Gekommen waren auch Angehörige und viele Pflegekräfte. Denn sie sind, ob halbprofessionell oder professionell, von der Kürzungspolitik betroffen. Nach bisher schon harten Einschnitten will die Regierung unter Mariano Rajoy in den nächsten zwei Jahren im Pflegebereich erneut 2,7 Milliarden Euro einsparen. Damit nicht genug, halten sich Regionen und Kommunen aufgrund ihrer prekären Finanzsituation nicht an Gesetze. Obwohl die Zentralregierung im Laufe des Jahres Rechnungen, die in den vergangenen Jahren in einer Gesamthöhe von 27 Milliarden Euro angehäuft worden waren, endlich beglichen hat, änderte sich an der Zahlungsmoral wenig. Längst seien neue Rechnungen in Höhe von zehn Milliarden aufgelaufen, sagte Lorenzo Amor, Präsident der Vereinigung der Selbstständigen (ATA). Pflegedienste und Pflegekräfte warten auf ihr Geld und stünden wie viele Familien vor dem Zusammenbruch. Darauf machte der Präsident des spanischen Behindertenverbandes (Cermi), Luis Cayo Pérez, die Politiker aufmerksam.

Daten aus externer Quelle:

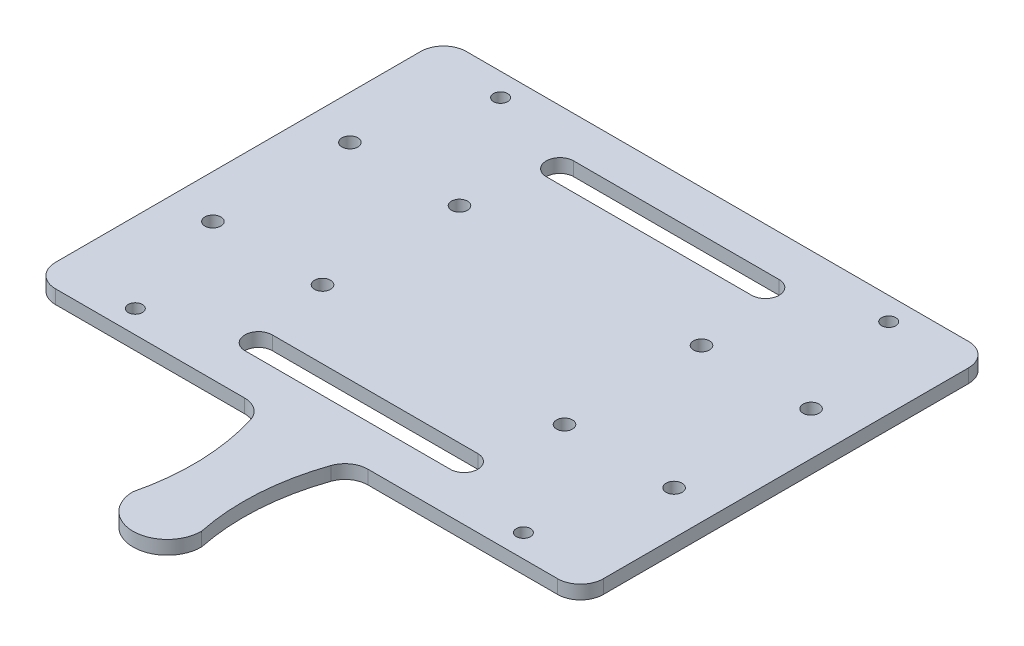
ISO-10303-21;
HEADER;
FILE_DESCRIPTION(('STEP AP214'),'2;1');
FILE_NAME('part.step','',(''),(''),'','','');
FILE_SCHEMA(('AUTOMOTIVE_DESIGN { 1 0 10303 214 1 1 1 1 }'));
ENDSEC;
DATA;
#1=APPLICATION_CONTEXT('core data for automotive mechanical design processes');
#2=APPLICATION_PROTOCOL_DEFINITION('international standard','automotive_design',2000,#1);
#3=PRODUCT_CONTEXT('',#1,'mechanical');
#4=PRODUCT('Part','Part','',(#3));
#5=PRODUCT_RELATED_PRODUCT_CATEGORY('part','',(#4));
#6=PRODUCT_DEFINITION_FORMATION('','',#4);
#7=PRODUCT_DEFINITION_CONTEXT('part definition',#1,'design');
#8=PRODUCT_DEFINITION('design','',#6,#7);
#9=PRODUCT_DEFINITION_SHAPE('','',#8);
#10=(LENGTH_UNIT() NAMED_UNIT(*) SI_UNIT(.MILLI.,.METRE.));
#11=(NAMED_UNIT(*) PLANE_ANGLE_UNIT() SI_UNIT($,.RADIAN.));
#12=(NAMED_UNIT(*) SI_UNIT($,.STERADIAN.) SOLID_ANGLE_UNIT());
#13=UNCERTAINTY_MEASURE_WITH_UNIT(LENGTH_MEASURE(1.E-05),#10,'distance_accuracy_value','');
#14=(GEOMETRIC_REPRESENTATION_CONTEXT(3) GLOBAL_UNCERTAINTY_ASSIGNED_CONTEXT((#13)) GLOBAL_UNIT_ASSIGNED_CONTEXT((#10,
#11,#12)) REPRESENTATION_CONTEXT('',''));
#15=CARTESIAN_POINT('',(0.,0.,0.));
#16=DIRECTION('',(0.,0.,1.));
#17=DIRECTION('',(1.,0.,0.));
#18=AXIS2_PLACEMENT_3D('',#15,#16,#17);
#19=CARTESIAN_POINT('',(60.,3.,45.));
#20=DIRECTION('',(0.,0.,-1.));
#21=DIRECTION('',(-1.,0.,0.));
#22=AXIS2_PLACEMENT_3D('',#19,#20,#21);
#23=PLANE('',#22);
#24=DIRECTION('',(1.,0.,0.));
#25=VECTOR('',#24,1.);
#26=CARTESIAN_POINT('',(60.,3.,45.));
#27=LINE('',#26,#25);
#28=CARTESIAN_POINT('',(13.420612610503,3.,45.));
#29=VERTEX_POINT('',#28);
#30=CARTESIAN_POINT('',(55.,3.,45.));
#31=VERTEX_POINT('',#30);
#32=EDGE_CURVE('E291',#29,#31,#27,.T.);
#33=ORIENTED_EDGE('',*,*,#32,.F.);
#34=DIRECTION('',(0.,1.,0.));
#35=VECTOR('',#34,1.);
#36=CARTESIAN_POINT('',(13.420612610503,3.,45.));
#37=LINE('',#36,#35);
#38=CARTESIAN_POINT('',(13.420612610503,0.,45.));
#39=VERTEX_POINT('',#38);
#40=EDGE_CURVE('E345',#29,#39,#37,.F.);
#41=ORIENTED_EDGE('',*,*,#40,.T.);
#42=DIRECTION('',(1.,0.,0.));
#43=VECTOR('',#42,1.);
#44=CARTESIAN_POINT('',(60.,0.,45.));
#45=LINE('',#44,#43);
#46=CARTESIAN_POINT('',(55.,0.,45.));
#47=VERTEX_POINT('',#46);
#48=EDGE_CURVE('E303',#39,#47,#45,.T.);
#49=ORIENTED_EDGE('',*,*,#48,.T.);
#50=DIRECTION('',(0.,-1.,0.));
#51=VECTOR('',#50,1.);
#52=CARTESIAN_POINT('',(55.,3.,45.));
#53=LINE('',#52,#51);
#54=EDGE_CURVE('E322',#47,#31,#53,.F.);
#55=ORIENTED_EDGE('',*,*,#54,.T.);
#56=EDGE_LOOP('',(#33,#41,#49,#55));
#57=FACE_BOUND('',#56,.T.);
#58=ADVANCED_FACE('F33',(#57),#23,.F.);
#59=CARTESIAN_POINT('',(60.,3.,-45.));
#60=DIRECTION('',(-1.,0.,0.));
#61=DIRECTION('',(0.,0.,1.));
#62=AXIS2_PLACEMENT_3D('',#59,#60,#61);
#63=PLANE('',#62);
#64=DIRECTION('',(0.,0.,-1.));
#65=VECTOR('',#64,1.);
#66=CARTESIAN_POINT('',(60.,3.,-45.));
#67=LINE('',#66,#65);
#68=CARTESIAN_POINT('',(60.,3.,40.));
#69=VERTEX_POINT('',#68);
#70=CARTESIAN_POINT('',(60.,3.,-40.));
#71=VERTEX_POINT('',#70);
#72=EDGE_CURVE('E281',#69,#71,#67,.T.);
#73=ORIENTED_EDGE('',*,*,#72,.F.);
#74=DIRECTION('',(0.,-1.,0.));
#75=VECTOR('',#74,1.);
#76=CARTESIAN_POINT('',(60.,3.,40.));
#77=LINE('',#76,#75);
#78=CARTESIAN_POINT('',(60.,0.,40.));
#79=VERTEX_POINT('',#78);
#80=EDGE_CURVE('E307',#69,#79,#77,.T.);
#81=ORIENTED_EDGE('',*,*,#80,.T.);
#82=DIRECTION('',(0.,0.,-1.));
#83=VECTOR('',#82,1.);
#84=CARTESIAN_POINT('',(60.,0.,-45.));
#85=LINE('',#84,#83);
#86=CARTESIAN_POINT('',(60.,0.,-40.));
#87=VERTEX_POINT('',#86);
#88=EDGE_CURVE('E244',#79,#87,#85,.T.);
#89=ORIENTED_EDGE('',*,*,#88,.T.);
#90=DIRECTION('',(0.,-1.,0.));
#91=VECTOR('',#90,1.);
#92=CARTESIAN_POINT('',(60.,3.,-40.));
#93=LINE('',#92,#91);
#94=EDGE_CURVE('E294',#87,#71,#93,.F.);
#95=ORIENTED_EDGE('',*,*,#94,.T.);
#96=EDGE_LOOP('',(#73,#81,#89,#95));
#97=FACE_BOUND('',#96,.T.);
#98=ADVANCED_FACE('F373',(#97),#63,.F.);
#99=CARTESIAN_POINT('',(60.,3.,-45.));
#100=DIRECTION('',(0.,0.,1.));
#101=DIRECTION('',(1.,0.,0.));
#102=AXIS2_PLACEMENT_3D('',#99,#100,#101);
#103=PLANE('',#102);
#104=DIRECTION('',(-1.,0.,0.));
#105=VECTOR('',#104,1.);
#106=CARTESIAN_POINT('',(60.,3.,-45.));
#107=LINE('',#106,#105);
#108=CARTESIAN_POINT('',(55.,3.,-45.));
#109=VERTEX_POINT('',#108);
#110=CARTESIAN_POINT('',(-55.,3.,-45.));
#111=VERTEX_POINT('',#110);
#112=EDGE_CURVE('E284',#109,#111,#107,.T.);
#113=ORIENTED_EDGE('',*,*,#112,.F.);
#114=DIRECTION('',(0.,-1.,0.));
#115=VECTOR('',#114,1.);
#116=CARTESIAN_POINT('',(55.,3.,-45.));
#117=LINE('',#116,#115);
#118=CARTESIAN_POINT('',(55.,0.,-45.));
#119=VERTEX_POINT('',#118);
#120=EDGE_CURVE('E335',#109,#119,#117,.T.);
#121=ORIENTED_EDGE('',*,*,#120,.T.);
#122=DIRECTION('',(-1.,0.,0.));
#123=VECTOR('',#122,1.);
#124=CARTESIAN_POINT('',(60.,0.,-45.));
#125=LINE('',#124,#123);
#126=CARTESIAN_POINT('',(-55.,0.,-45.));
#127=VERTEX_POINT('',#126);
#128=EDGE_CURVE('E297',#119,#127,#125,.T.);
#129=ORIENTED_EDGE('',*,*,#128,.T.);
#130=DIRECTION('',(0.,-1.,0.));
#131=VECTOR('',#130,1.);
#132=CARTESIAN_POINT('',(-55.,3.,-45.));
#133=LINE('',#132,#131);
#134=EDGE_CURVE('E333',#127,#111,#133,.F.);
#135=ORIENTED_EDGE('',*,*,#134,.T.);
#136=EDGE_LOOP('',(#113,#121,#129,#135));
#137=FACE_BOUND('',#136,.T.);
#138=ADVANCED_FACE('F379',(#137),#103,.F.);
#139=CARTESIAN_POINT('',(-60.,3.,-45.));
#140=DIRECTION('',(1.,0.,0.));
#141=DIRECTION('',(0.,0.,-1.));
#142=AXIS2_PLACEMENT_3D('',#139,#140,#141);
#143=PLANE('',#142);
#144=DIRECTION('',(0.,0.,1.));
#145=VECTOR('',#144,1.);
#146=CARTESIAN_POINT('',(-60.,0.,-45.));
#147=LINE('',#146,#145);
#148=CARTESIAN_POINT('',(-60.,0.,-40.));
#149=VERTEX_POINT('',#148);
#150=CARTESIAN_POINT('',(-60.,0.,40.));
#151=VERTEX_POINT('',#150);
#152=EDGE_CURVE('E300',#149,#151,#147,.T.);
#153=ORIENTED_EDGE('',*,*,#152,.T.);
#154=DIRECTION('',(0.,-1.,0.));
#155=VECTOR('',#154,1.);
#156=CARTESIAN_POINT('',(-60.,3.,40.));
#157=LINE('',#156,#155);
#158=CARTESIAN_POINT('',(-60.,3.,40.));
#159=VERTEX_POINT('',#158);
#160=EDGE_CURVE('E341',#151,#159,#157,.F.);
#161=ORIENTED_EDGE('',*,*,#160,.T.);
#162=DIRECTION('',(0.,0.,1.));
#163=VECTOR('',#162,1.);
#164=CARTESIAN_POINT('',(-60.,3.,-45.));
#165=LINE('',#164,#163);
#166=CARTESIAN_POINT('',(-60.,3.,-40.));
#167=VERTEX_POINT('',#166);
#168=EDGE_CURVE('E288',#167,#159,#165,.T.);
#169=ORIENTED_EDGE('',*,*,#168,.F.);
#170=DIRECTION('',(0.,-1.,0.));
#171=VECTOR('',#170,1.);
#172=CARTESIAN_POINT('',(-60.,3.,-40.));
#173=LINE('',#172,#171);
#174=EDGE_CURVE('E338',#167,#149,#173,.T.);
#175=ORIENTED_EDGE('',*,*,#174,.T.);
#176=EDGE_LOOP('',(#153,#161,#169,#175));
#177=FACE_BOUND('',#176,.T.);
#178=ADVANCED_FACE('F385',(#177),#143,.F.);
#179=CARTESIAN_POINT('',(-55.,0.,45.));
#180=VERTEX_POINT('',#179);
#181=CARTESIAN_POINT('',(-13.5518340227929,0.,45.));
#182=VERTEX_POINT('',#181);
#183=EDGE_CURVE('E285',#180,#182,#45,.T.);
#184=ORIENTED_EDGE('',*,*,#183,.T.);
#185=DIRECTION('',(0.,1.,0.));
#186=VECTOR('',#185,1.);
#187=CARTESIAN_POINT('',(-13.5518340227929,3.,45.));
#188=LINE('',#187,#186);
#189=CARTESIAN_POINT('',(-13.5518340227929,3.,45.));
#190=VERTEX_POINT('',#189);
#191=EDGE_CURVE('E347',#182,#190,#188,.T.);
#192=ORIENTED_EDGE('',*,*,#191,.T.);
#193=CARTESIAN_POINT('',(-55.,3.,45.));
#194=VERTEX_POINT('',#193);
#195=EDGE_CURVE('E292',#194,#190,#27,.T.);
#196=ORIENTED_EDGE('',*,*,#195,.F.);
#197=DIRECTION('',(0.,-1.,0.));
#198=VECTOR('',#197,1.);
#199=CARTESIAN_POINT('',(-55.,3.,45.));
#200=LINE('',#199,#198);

Er versuchte, Menschen wie Oscar Montero Mut zu machen. Für seine behinderte siebenjährige Tochter Coral hatte er 2010 Unterstützung nach dem Gesetz 39-2006 beantragt. »Die Hilfe wurde uns vor einem Jahr zugesprochen, doch bekommen haben wir nichts.« Zwei Jahre warten viele schon auf das ihnen zustehende Geld, nicht selten sterben Betroffene, noch bevor auch nur ein Euro bezahlt wird. Eigentlich soll über Anträge nach sechs Monaten entschieden sein, doch die Regierung hat im neuen Pflegegesetz die Bearbeitungszeit auf bis zu zwei Jahre erhöht. Eine weitere Sparmaßnahme, denn Nachzahlungen gibt es nicht.

Dass in der Pflege zudem viele Stellen gestrichen werden, hat sich in den neuen Arbeitslosenzahlen niedergeschlagen, die am Dienstag veröffentlicht wurden. Erneut haben im November 75 000 Menschen ihren Job verloren. Nach Angaben der europäischen Statistikbehörde Eurostat waren schon im Oktober mehr als sechs Millionen Menschen ohne Arbeit, von denen gut zwei Millionen keine Ersatzleistungen mehr erhalten. Die Sozialversicherung hat aber 205 000 Beitragszahler verloren. Der Staat zahlt nun für 85 000 Eltern, Kinder oder Geschwister, die sich halbprofessionell der Pflege ihrer Angehörigen widmen, keine Sozialbeiträge mehr. Das trifft auch Julia Domínguez, die ihren autistischen Sohn pflegen muss. Sie wird nun statt 400 nur noch 300 Euro Unterstützung erhalten. »Das reicht gerade noch, um die Schule zu bezahlen«, sagte sie.

Das sind neue Armutsfälle, die von Eurostat noch gar nicht erfasst sind. Gerade hatten die Statistiker errechnet, dass schon 2011 in Spanien 27 Prozent der Bevölkerung von Armut oder sozialer Ausgrenzung bedroht oder betroffen waren. Selbst nach Zahlung von Sozialleistungen lag das verfügbare Einkommen von 22 Prozent der Bevölkerung unter der Armutsgrenze. Dabei gibt es in vielen Regionen keine Sozialhilfe. Ein schmales Sozialgeld (400 Euro) erhalten auch nur jene für sechs Monate, deren Anspruch auf Arbeitslosengeld ausgelaufen ist. Spanien hat mit seiner Quote von 22 Prozent zu Bulgarien und Rumänien aufgeschlossen, sogar Griechenland steht mit 21 Prozent noch etwas besser da.